New South Wales Heritage Register
- Official name: The Ben Hall Sites - Grave of Ben Hall; Ben Hall's Grave
- Type: state heritage (landscape)
- Designated: 8 October 2010
- Reference no.: 1827
- Type: Headstone
- Category: Cemeteries and Burial Sites
- Builders: Mr Jones

= Grave of Ben Hall =

The Grave of Ben Hall is a heritage-listed headstone of Australian bushranger Ben Hall at Forbes Cemetery, Bogan Gate Road, Forbes, New South Wales, in the state's Central West region. It is one of a group of historic sites labelled the Ben Hall Sites for their association with bushranger Ben Hall, along with Ben Hall's Death Site, the Bushranger Hotel, Cliefden, Escort Rock and Wandi. It is also known as Ben Hall's Grave. The property is owned by Forbes Shire Council. It was added to the New South Wales State Heritage Register on 8 October 2010.

== History ==
Forbes General Cemetery was established in 1863, and was in use through to 1994. The cemetery contains the graves of many notable figures including fellow gang members John O'Meally and Warrigal Walsh and Aboriginal tracker Billy Dargin who were buried in unmarked graves.

Hall was killed by police on the morning of 5 May 1865. He was buried in the Forbes Cemetery on Sunday 7 May 1865. His funeral hearse was followed by about 50 people and three buggies - some family and some curious locals.

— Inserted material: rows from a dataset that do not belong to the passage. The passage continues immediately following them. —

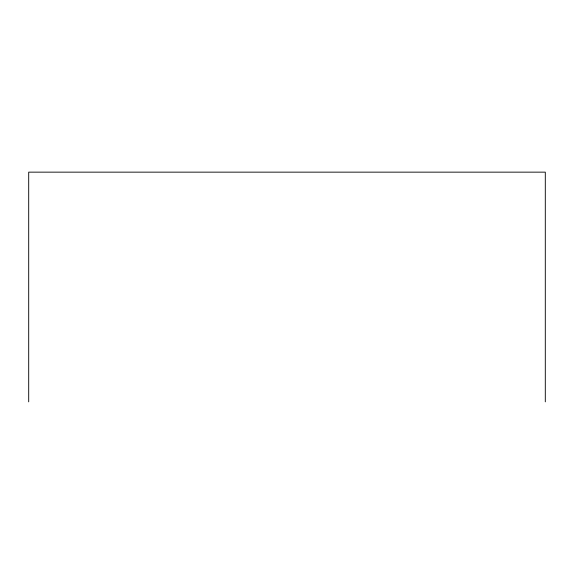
<?xml version="1.0" encoding="UTF-8"?>
<svg xmlns="http://www.w3.org/2000/svg" width="574" height="574" viewBox="0 0 574 574"><rect width="100%" height="100%" fill="white"/><g stroke="black" fill="none" stroke-linecap="round" stroke-linejoin="round"><path stroke-width="0.86" d="M545.3 401.85L545.3 172.15L28.7 172.15L28.7 401.85"/></g></svg>
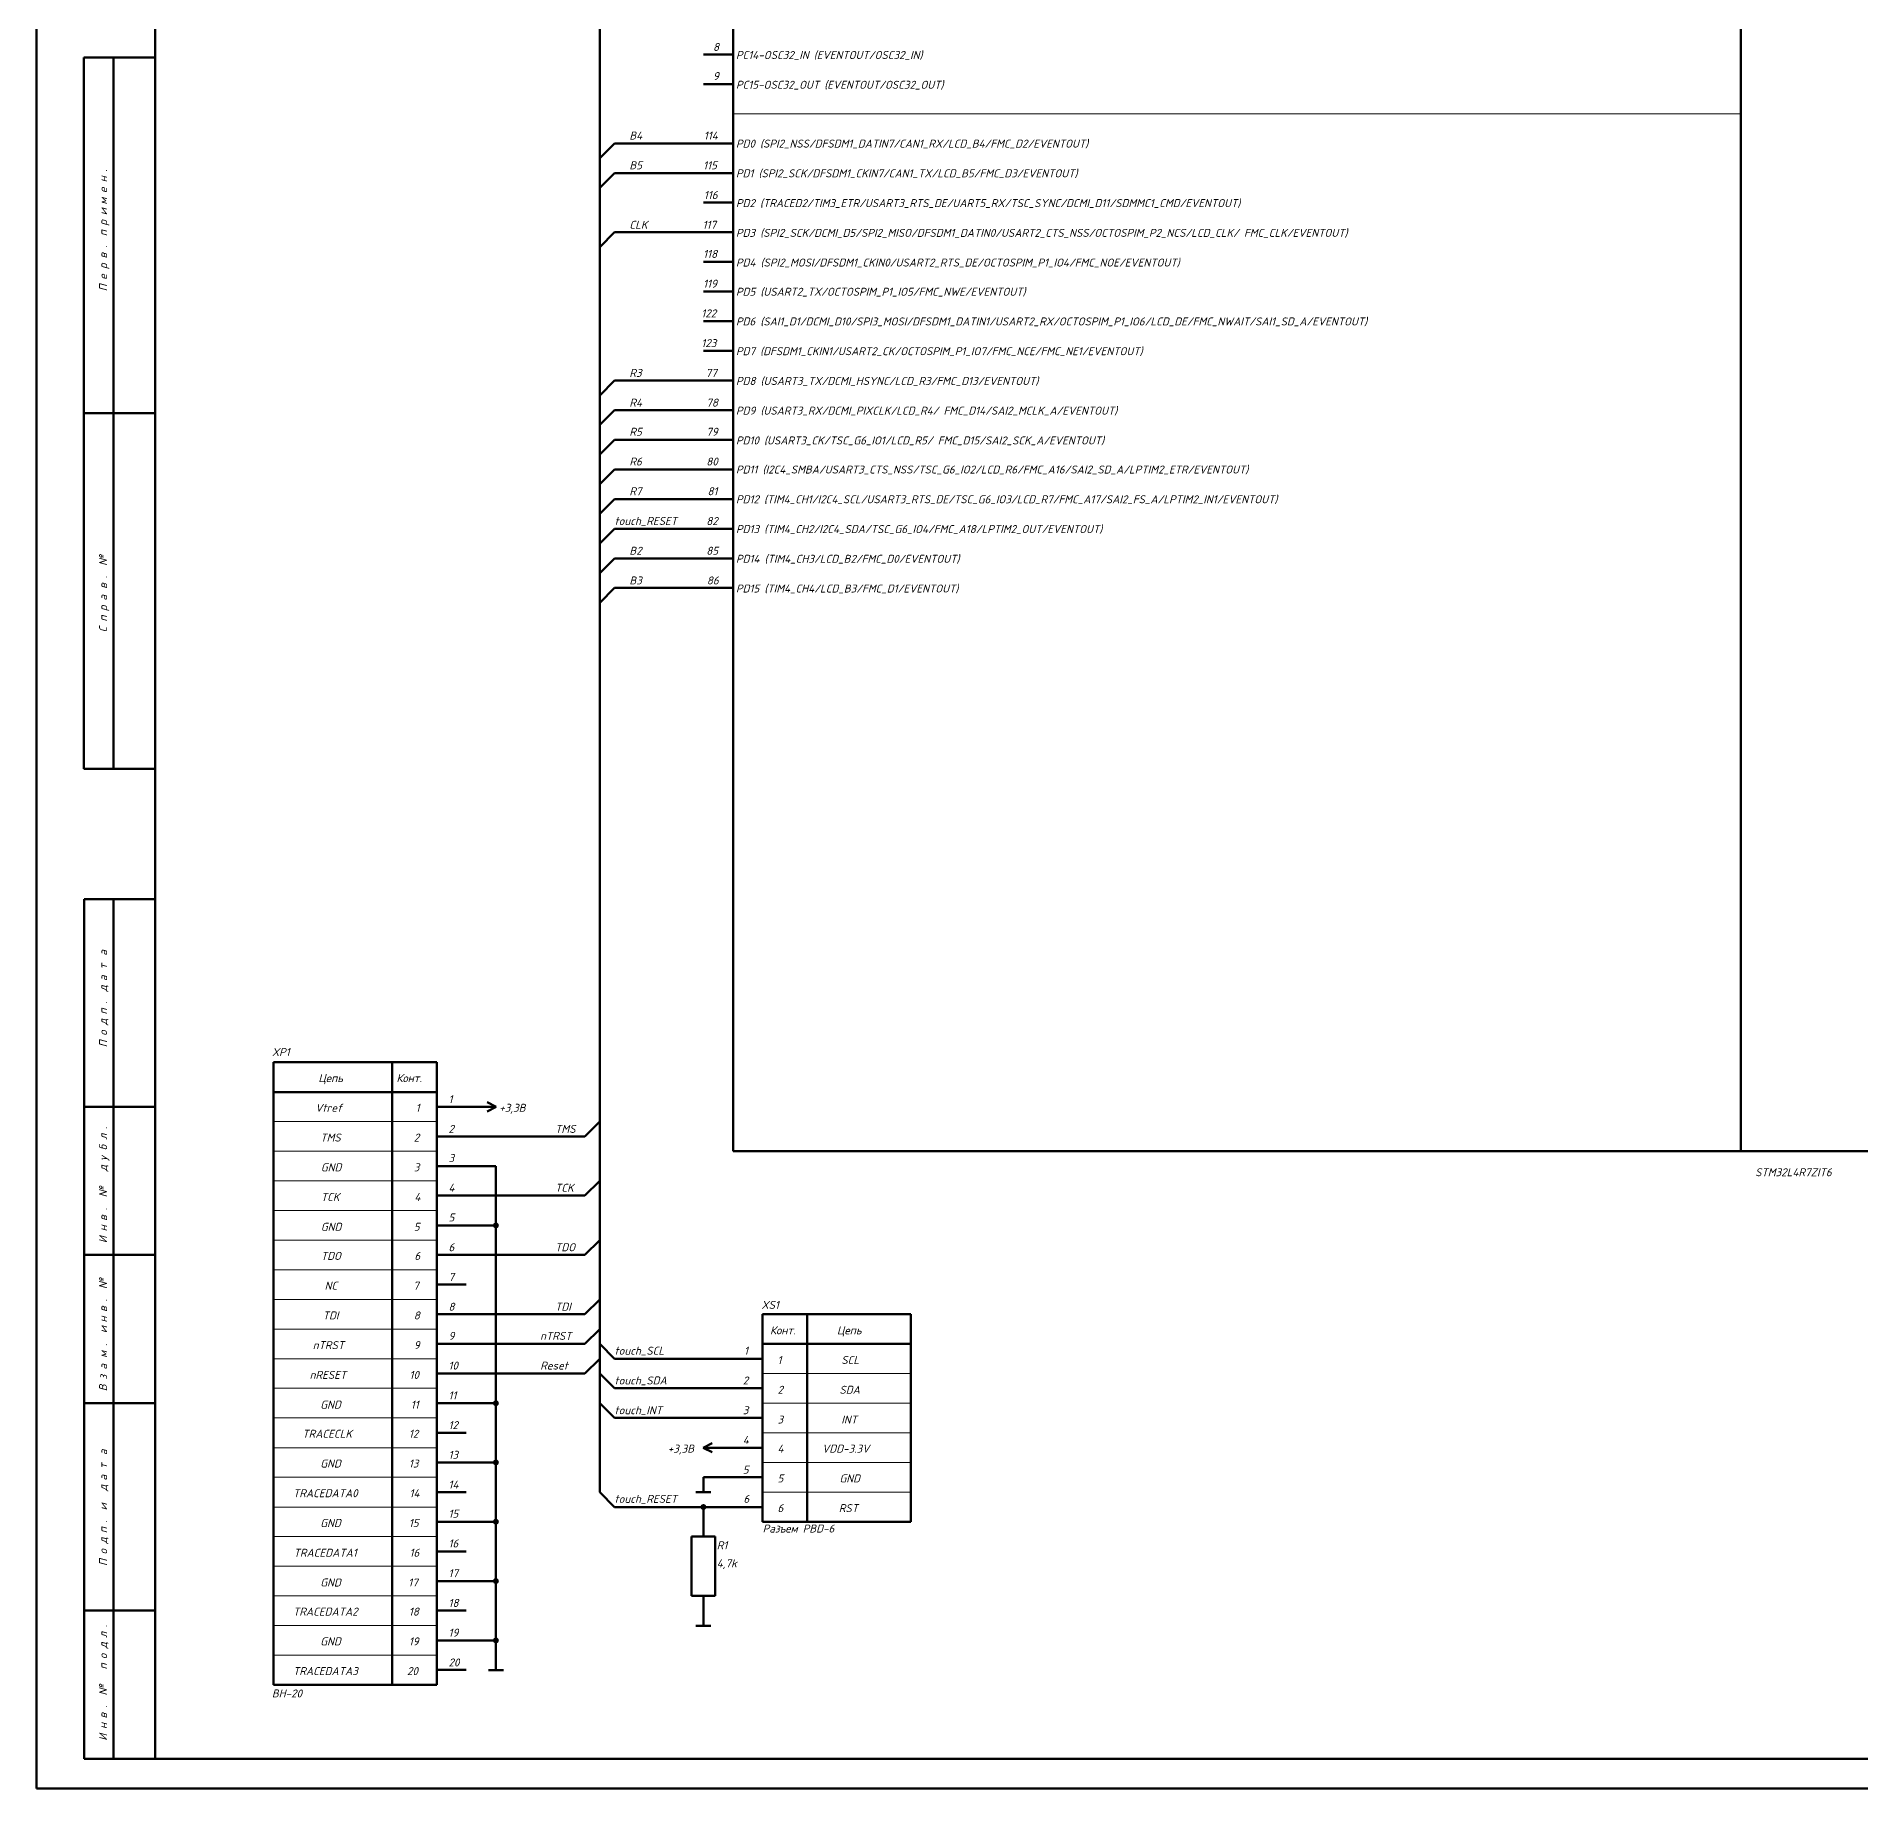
# Model space of a CAD drawing. Header units: inches. Extents: x -26 to 1942, y -380 to 599.
# Drawn here: x -26.3 to 281.4, y 5.2 to 300.8 of the extents above; entities that cross this region are included whole.
import ezdxf

# ---------------------------------------------------------------- set-up
doc = ezdxf.new("R2010")
doc.units = ezdxf.units.IN
for name, color, linetype, lineweight in [('bus', 5, 'Continuous', 80), ('OSN25', 2, 'Continuous', 20), ('OSN50', 3, 'Continuous', 50), ('TEXT', 1, 'Continuous', 30)]:
    doc.layers.add(name, color=color, linetype=linetype, lineweight=lineweight)
doc.styles.add('ISOCPEUR0', font='isocpeur.ttf', dxfattribs={"height": 2.87999})

msp = doc.modelspace()

# ---------------------------------------------------------------- hatches: boundary and pattern name
at = {"layer": 'OSN50'}
h = msp.add_hatch(color=256, dxfattribs=at)
edge = h.paths.add_edge_path()
edge.add_arc((51.16, 100.22), 0.5, 0, 360)
h = msp.add_hatch(color=256, dxfattribs=at)
edge = h.paths.add_edge_path()
edge.add_arc((51.16, 70.23), 0.5, 0, 360)
h = msp.add_hatch(color=256, dxfattribs=at)
edge = h.paths.add_edge_path()
edge.add_arc((51.16, 60.24), 0.5, 0, 360)
h = msp.add_hatch(color=256, dxfattribs=at)
edge = h.paths.add_edge_path()
edge.add_arc((86.17, 52.72), 0.5, 0, 360)
h = msp.add_hatch(color=256, dxfattribs=at)
edge = h.paths.add_edge_path()
edge.add_arc((51.16, 50.24), 0.5, 0, 360)
h = msp.add_hatch(color=256, dxfattribs=at)
edge = h.paths.add_edge_path()
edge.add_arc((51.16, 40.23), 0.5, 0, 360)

The grave was probably initially unmarked, being surrounded by a picket fence sometime before 1900. In 1957 the grave was marked with a stone that had in rough black paint Ben Hall's details. Around 1957 author Edgar Penzig and a local erected the present marker. Ben Hall's age as inscribed on the headstone has been disputed and some claim he was in fact 28 years old when he died. The Australian Dictionary of Biography records his birth date as 9 May 1837 which would make him 27 years old when he died.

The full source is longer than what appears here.